Zdecydowanie nie jestem zwolennikiem kupowania opon używanych. Szczególnie odradzam kupowanie opon używanych "luzem". Pamiętajmy, iż nigdy nie poznamy dokładnie historii takich opon a więc nie będziemy mieli pewności, czy były do tej pory eksploatowane prawidłowo (nawet poprzedni właściciel, zapewniający nas w najlepszej wierze o ich dobrym stanie technicznym tak naprawdę dokładnie tego stanu najczęściej nie zna). Poza tym miejmy na uwadze, iż musi być jakiś powód pozbywania się tych opon przez poprzedniego właściciela (mogą one pochodzić np. z samochodu uczestniczącego w poważnym wypadku drogowym). Zatem decydując się na zamontowanie w naszym samochodzie opon używanych miejmy świadomość, iż podejmujemy znaczne ryzyko narażenia siebie i innych uczestników ruchu na niebezpieczeństwo.

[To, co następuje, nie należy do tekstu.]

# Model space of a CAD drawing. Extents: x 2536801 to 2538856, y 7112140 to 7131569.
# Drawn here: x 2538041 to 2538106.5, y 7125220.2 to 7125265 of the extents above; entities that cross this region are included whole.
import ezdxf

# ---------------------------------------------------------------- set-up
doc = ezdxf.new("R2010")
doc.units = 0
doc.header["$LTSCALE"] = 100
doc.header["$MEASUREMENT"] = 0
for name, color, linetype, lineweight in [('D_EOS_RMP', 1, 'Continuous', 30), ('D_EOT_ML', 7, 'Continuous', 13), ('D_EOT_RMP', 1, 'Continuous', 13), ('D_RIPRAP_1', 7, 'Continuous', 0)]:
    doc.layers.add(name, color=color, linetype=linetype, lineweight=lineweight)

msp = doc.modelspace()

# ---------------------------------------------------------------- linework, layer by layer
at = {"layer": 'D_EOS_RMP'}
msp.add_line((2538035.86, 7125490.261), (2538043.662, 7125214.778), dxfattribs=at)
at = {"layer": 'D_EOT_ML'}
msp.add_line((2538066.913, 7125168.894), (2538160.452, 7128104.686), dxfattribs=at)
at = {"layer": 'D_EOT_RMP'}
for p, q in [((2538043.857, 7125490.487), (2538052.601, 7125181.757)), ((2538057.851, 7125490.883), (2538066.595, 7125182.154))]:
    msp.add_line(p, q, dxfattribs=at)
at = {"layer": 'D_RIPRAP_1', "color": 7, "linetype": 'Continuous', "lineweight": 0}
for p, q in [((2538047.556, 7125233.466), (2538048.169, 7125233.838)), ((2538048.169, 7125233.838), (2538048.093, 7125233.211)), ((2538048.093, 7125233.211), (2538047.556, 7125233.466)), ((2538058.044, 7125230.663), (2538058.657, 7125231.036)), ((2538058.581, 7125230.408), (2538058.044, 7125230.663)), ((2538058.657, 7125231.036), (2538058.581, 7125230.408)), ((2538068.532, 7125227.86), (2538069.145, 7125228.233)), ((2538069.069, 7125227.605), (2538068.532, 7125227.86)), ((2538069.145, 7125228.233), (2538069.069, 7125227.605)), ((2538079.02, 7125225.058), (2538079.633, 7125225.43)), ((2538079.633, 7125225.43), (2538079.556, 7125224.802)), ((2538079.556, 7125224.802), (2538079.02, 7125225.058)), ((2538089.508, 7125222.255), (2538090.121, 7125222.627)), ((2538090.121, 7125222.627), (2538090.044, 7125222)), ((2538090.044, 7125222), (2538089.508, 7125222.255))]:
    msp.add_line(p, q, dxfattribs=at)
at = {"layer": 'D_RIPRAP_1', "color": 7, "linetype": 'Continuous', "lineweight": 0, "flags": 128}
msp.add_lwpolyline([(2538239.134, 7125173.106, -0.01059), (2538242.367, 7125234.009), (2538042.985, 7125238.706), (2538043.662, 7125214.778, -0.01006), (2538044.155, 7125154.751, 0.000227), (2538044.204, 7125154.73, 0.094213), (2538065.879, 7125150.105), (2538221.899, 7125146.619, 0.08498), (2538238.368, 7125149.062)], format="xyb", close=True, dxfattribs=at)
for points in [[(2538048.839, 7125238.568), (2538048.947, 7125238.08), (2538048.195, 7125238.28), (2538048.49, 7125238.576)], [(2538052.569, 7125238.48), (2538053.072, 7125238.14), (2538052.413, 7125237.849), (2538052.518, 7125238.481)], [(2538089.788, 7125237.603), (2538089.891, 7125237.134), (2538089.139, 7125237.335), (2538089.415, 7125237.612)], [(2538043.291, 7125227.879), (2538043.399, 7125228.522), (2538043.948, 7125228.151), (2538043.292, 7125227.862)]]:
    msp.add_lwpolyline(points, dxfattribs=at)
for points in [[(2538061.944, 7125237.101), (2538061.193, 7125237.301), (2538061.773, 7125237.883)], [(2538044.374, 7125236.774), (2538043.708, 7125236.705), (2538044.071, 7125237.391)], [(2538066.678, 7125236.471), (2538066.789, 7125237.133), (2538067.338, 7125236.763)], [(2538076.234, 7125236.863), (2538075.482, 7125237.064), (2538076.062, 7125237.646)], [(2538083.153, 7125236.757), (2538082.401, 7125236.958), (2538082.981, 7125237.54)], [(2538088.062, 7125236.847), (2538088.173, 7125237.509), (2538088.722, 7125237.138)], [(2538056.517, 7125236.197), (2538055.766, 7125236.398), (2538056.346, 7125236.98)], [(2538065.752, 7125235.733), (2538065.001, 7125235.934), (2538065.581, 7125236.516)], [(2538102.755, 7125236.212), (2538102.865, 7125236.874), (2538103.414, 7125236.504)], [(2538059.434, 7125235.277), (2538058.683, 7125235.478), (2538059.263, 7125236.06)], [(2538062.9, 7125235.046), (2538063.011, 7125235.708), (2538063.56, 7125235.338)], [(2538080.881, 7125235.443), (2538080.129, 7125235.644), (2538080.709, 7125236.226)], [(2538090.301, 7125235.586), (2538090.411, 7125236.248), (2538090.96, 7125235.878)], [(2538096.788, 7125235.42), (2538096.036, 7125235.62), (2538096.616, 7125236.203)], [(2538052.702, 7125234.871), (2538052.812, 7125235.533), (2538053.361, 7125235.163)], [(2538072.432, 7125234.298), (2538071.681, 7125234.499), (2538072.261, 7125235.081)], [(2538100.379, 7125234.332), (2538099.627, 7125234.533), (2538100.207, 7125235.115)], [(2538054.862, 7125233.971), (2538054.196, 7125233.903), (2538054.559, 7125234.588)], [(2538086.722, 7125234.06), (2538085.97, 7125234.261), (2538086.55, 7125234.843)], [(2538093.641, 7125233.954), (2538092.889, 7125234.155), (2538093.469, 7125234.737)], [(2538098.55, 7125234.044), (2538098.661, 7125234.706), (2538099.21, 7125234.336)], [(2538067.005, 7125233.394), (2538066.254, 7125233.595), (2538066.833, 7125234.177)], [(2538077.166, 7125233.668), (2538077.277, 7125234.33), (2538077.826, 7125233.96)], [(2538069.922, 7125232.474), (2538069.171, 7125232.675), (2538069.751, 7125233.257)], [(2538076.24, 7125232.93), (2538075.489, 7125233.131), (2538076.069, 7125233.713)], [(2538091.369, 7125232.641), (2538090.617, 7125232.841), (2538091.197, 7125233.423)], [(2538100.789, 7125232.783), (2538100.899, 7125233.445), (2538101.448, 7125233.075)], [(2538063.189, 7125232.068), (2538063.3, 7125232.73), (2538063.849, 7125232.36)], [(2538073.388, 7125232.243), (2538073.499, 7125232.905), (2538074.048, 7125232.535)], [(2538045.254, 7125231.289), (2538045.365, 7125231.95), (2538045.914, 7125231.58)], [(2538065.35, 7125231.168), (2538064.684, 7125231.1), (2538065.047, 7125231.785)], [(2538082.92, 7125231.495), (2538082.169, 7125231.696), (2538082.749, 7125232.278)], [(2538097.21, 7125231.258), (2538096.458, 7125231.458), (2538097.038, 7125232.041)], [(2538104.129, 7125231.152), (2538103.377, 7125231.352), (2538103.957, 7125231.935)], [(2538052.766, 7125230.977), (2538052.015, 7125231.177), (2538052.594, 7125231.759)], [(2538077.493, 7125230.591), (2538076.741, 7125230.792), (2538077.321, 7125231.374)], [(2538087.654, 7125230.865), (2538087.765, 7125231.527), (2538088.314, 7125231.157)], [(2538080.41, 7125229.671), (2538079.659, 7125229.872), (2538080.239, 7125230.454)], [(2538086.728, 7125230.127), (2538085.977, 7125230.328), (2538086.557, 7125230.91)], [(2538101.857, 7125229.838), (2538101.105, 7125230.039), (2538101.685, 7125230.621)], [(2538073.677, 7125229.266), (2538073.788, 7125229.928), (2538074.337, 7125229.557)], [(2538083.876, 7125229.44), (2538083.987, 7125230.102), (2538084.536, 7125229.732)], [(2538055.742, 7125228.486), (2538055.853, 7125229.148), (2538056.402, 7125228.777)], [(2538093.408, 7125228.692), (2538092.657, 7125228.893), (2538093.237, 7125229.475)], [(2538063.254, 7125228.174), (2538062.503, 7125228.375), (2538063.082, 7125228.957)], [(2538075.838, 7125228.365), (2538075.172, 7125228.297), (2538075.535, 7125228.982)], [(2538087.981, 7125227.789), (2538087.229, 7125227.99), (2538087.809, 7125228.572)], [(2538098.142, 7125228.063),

Trochę inaczej wygląda sprawa, gdy używane opony kupujemy razem z używanym samochodem. Realnie myśląc, nie namawiam nabywcy takiego samochodu do natychmiastowej wymiany opon na nowe (choć byłby to ideał). Namawiam natomiast stanowczo do dokonania niezwłocznie profesjonalnej oceny ich stanu technicznego (tak jak innych elementów samochodu bezpośrednio wpływających na bezpieczeństwo eksploatacji), przeprowadzonej przez dobrze przeszkolony i doświadczony personel. W przypadku najmniejszych wątpliwości, należy oponę (opony) niezwłocznie wymienić na nowe. Generalna uwaga: opony stanowią jeden z najważniejszych elementów pojazdu, wpływających na bezpieczeństwo eksploatacji. A zatem eksploatujmy je prawidłowo oraz kontrolujmy okresowo ich stan techniczny (im starsze opony tym częściej) przez profesjonalistę. Podkreslić należy, iż uwaga ta nie dotyczy wyłącznie opon nabytych jako używane ale także tych opon, których jesteśmy pierwszym właścicielem i eksploatujemy je od nowości.Piotr Łygan (Specjalista ds. Technicznych, Pirelli Polska)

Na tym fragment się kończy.